Uses compatible function approximation,

\[ \nabla_{\mathbf{w}} A_{\mathbf{w}}(s,a) = \nabla_{\theta} \log \pi_{\theta}(s,a) \]

So the natural policy gradient simplifies,

\[ \begin{align*} \nabla_{\theta} J(\theta) &= \mathbb{E}_{\pi_{\theta}} \big[ \nabla_{\theta} \log \pi_{\theta}(s,a) \; A^{\pi_{\theta}}(s,a) \big] \\[2pt] &= \mathbb{E}_{\pi_{\theta}} \Big[ \nabla_{\theta} \log \pi_{theta}(s,a) \, \nabla_{\theta} \log \pi_{\theta}(s,a)^\top \Big] \mathbf{w} \\[2pt] &= G_{\theta} \, \mathbf{w}\\[2pt] {\color{red}{\nabla_{\theta}^{\text{nat}} J(\theta)}} & {\color{red}{= \mathbf{w}}} \end{align*} \]
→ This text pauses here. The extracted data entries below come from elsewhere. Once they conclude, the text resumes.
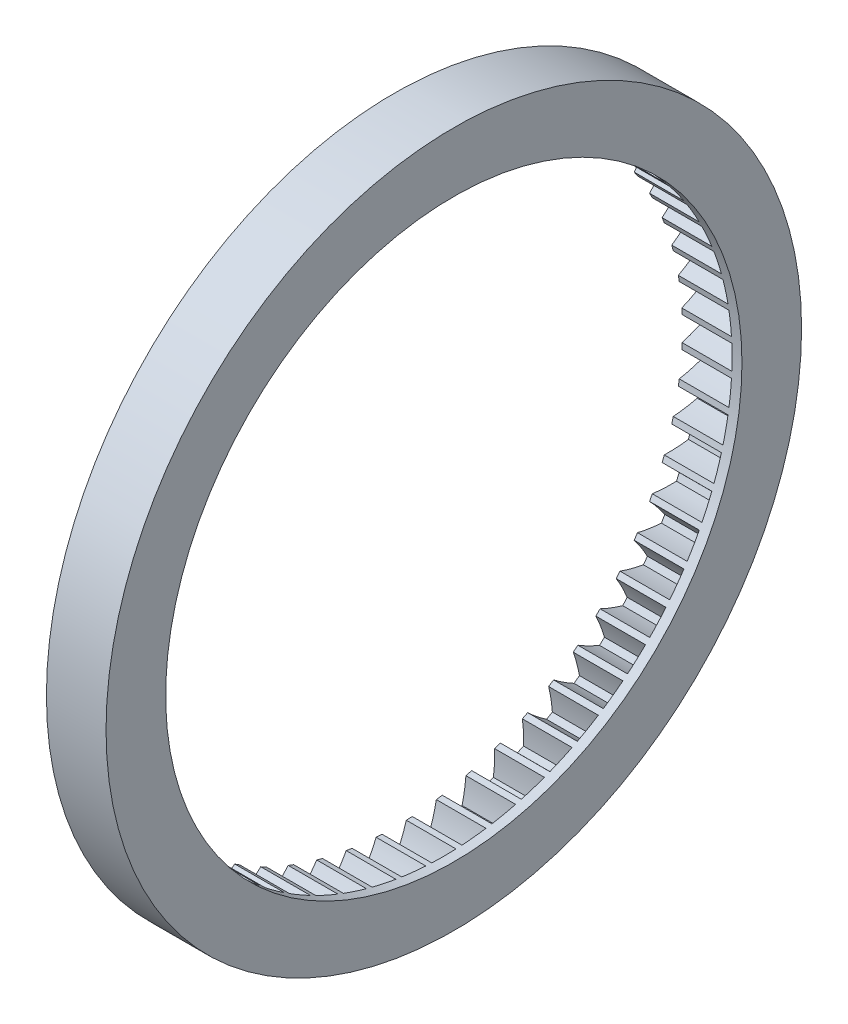
from build123d import *

# Parameters (mm, degrees)
BASPROSKE_W             = 5
BASPROSKE_H             = 6
TOOTHCUT_DEPTH          = 50.749371855
TEETHCUTS_COUNT         = 60
TEETHCUTS_ANGLE         = 354
CROQUIS1_R              = 35
CROQUIS1_R_2            = 29
SALIENTE_EXTRUIR1_DEPTH = 1


with BuildPart() as part:
    # BasProSke → Base-Revolve (revolve)
    with BuildSketch(Plane(origin=(0, 0, 0), x_dir=(1, 0, 0), z_dir=(0, 1, 0)), mode=Mode.PRIVATE) as base_revolve_sk:
        with Locations((2.5, 32)):
            Rectangle(BASPROSKE_W, BASPROSKE_H)
    revolve(base_revolve_sk.sketch.rotate(Axis((-10, 0, 0), (1, 0, 0)), 180), axis=Axis((-10, 0, 0), (1, 0, 0)))

    # TooCutSke → ToothCut (cut, through all)
    with BuildSketch(Plane(origin=(0, 0, 0), x_dir=(0, 0, -1), z_dir=(1, 0, 0))):
        with BuildLine():
            ThreePointArc((1.227357706, 28.948593027), (0.830805794, 30.117149174), (0.339543276, 31.24915537))
            ThreePointArc((0.339543276, 31.24915537), (0, 31.251), (-0.339543276, 31.24915537))
            ThreePointArc((-0.339543276, 31.24915537), (-0.830805794, 30.117149174), (-1.227357706, 28.948593027))
            ThreePointArc((-1.227357706, 28.948593027), (0, 28.9746), (1.227357706, 28.948593027))
        make_face()
    toothcut = extrude(amount=TOOTHCUT_DEPTH, mode=Mode.SUBTRACT)

    # TeethCuts: ToothCut ×60 about axis
    teethcuts_axis = Axis((-10, 0, 0), (1, 0, 0))
    for i in range(1, TEETHCUTS_COUNT):
        add(toothcut.rotate(teethcuts_axis, i * TEETHCUTS_ANGLE / (TEETHCUTS_COUNT - 1)), mode=Mode.SUBTRACT)

    # Croquis1 → Saliente-Extruir1 (add)
    with BuildSketch(Plane(origin=(5, 0, 0), x_dir=(0, 0, -1), z_dir=(1, 0, 0))):
        with Locations(Location((0, 0, 0), (0, 0, 180))):
            Circle(CROQUIS1_R)
        with Locations(Location((0, 0, 0), (0, 0, 177.589384652))):
            Circle(CROQUIS1_R_2, mode=Mode.SUBTRACT)
    extrude(amount=SALIENTE_EXTRUIR1_DEPTH)


solid = part.part
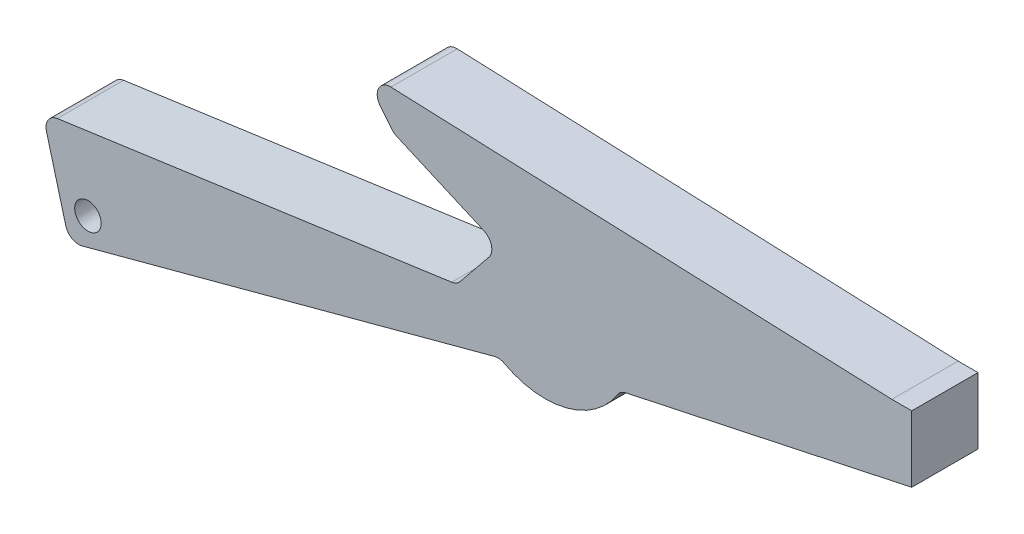
from build123d import *

# Parameters (mm, degrees)
BOSS_EXTRUDE1_DEPTH = 10
SKETCH2_R           = 2
CUT_EXTRUDE1_DEPTH  = 116.971936943
FILLET1_R           = 2


with BuildPart() as part:
    # Sketch1 → Boss-Extrude1 (new body)
    with BuildSketch(Plane(origin=(0, 0, 0), x_dir=(0, 1, 0), z_dir=(0, 0, 1))):
        with BuildLine():
            Line((-36.324229872, 27.68131099), (-51.324229872, 23.662073103))
            Line((-51.324229872, 23.662073103), (-33.907532364, -41.337926897))
            ThreePointArc((-33.907532364, -41.337926897), (-35.409341514, -51.440004773), (-29.149202114, -59.509581147))
            Line((-29.149202114, -59.509581147), (-19.739589339, -103.514798876))
            Line((-19.739589339, -103.514798876), (-9.739589339, -103.514798876))
            Line((-9.739589339, -103.514798876), (-9.739589339, -100.514798876))
            Line((-9.739589339, -100.514798876), (-6.545356821, -20.514798876))
            Line((-6.545356821, -20.514798876), (-12.545356821, -25.337926897))
            Line((-12.545356821, -25.337926897), (-19.535457388, -41.337926897))
            Line((-19.535457388, -41.337926897), (-27.535457388, -34.854054639))
            Line((-27.535457388, -34.854054639), (-36.324229872, 27.68131099))
        make_face()
    extrude(amount=BOSS_EXTRUDE1_DEPTH)

    # Sketch2 → Cut-Extrude1 (cut, through all)
    with BuildSketch(Plane.XY.offset(10)):
        with Locations((-20.833645978, -46.425250386)):
            Circle(SKETCH2_R)
    extrude(amount=-CUT_EXTRUDE1_DEPTH, mode=Mode.SUBTRACT)

    # Fillet1
    fillet1_edges = [part.edges().sort_by_distance(p)[0] for p in [
        (59.509581147, -29.149202114, 5),
        (41.337926897, -33.907532364, 5),
        (-23.662073103, -51.324229872, 5),
        (-27.68131099, -36.324229872, 5),
        (34.854054639, -27.535457388, 5),
        (41.337926897, -19.535457388, 5),
        (25.337926897, -12.545356821, 5),
        (20.514798876, -6.545356821, 5),
    ]]
    fillet(fillet1_edges, radius=FILLET1_R)


solid = part.part

i.e. update actor parameters in direction of critic parameters \(\mathbf{w}\)

Natural Policy Gradient—Parameterisation Invariant

  • The black contours show level sets of equal performance \(J(\theta)\)
  • The blue arrows show the ordinary gradient ascent direction for each point in parameter space (not orthogonal to the contours, behave irregularly across space)
  • The red arrows are the natural gradient directions (ascent directions are orthogonal to contours and smoothly distributed)
  • Natural gradient respects geometry of probability distributions—it finds steepest ascent direction measured in policy (distributional) space, not raw parameter space

Natural Actor Critic in Snake Domain

  • The dynamics are nonlinear and continuous—a good test of policy gradient methods.

Natural Actor Critic in Snake Domain (2)

  • The geometry of the corridor causes simple gradient updates to oscillate or diverge, but natural gradients (which adapt to curvature via the Fisher matrix independent of parameters) make stable, efficient progress.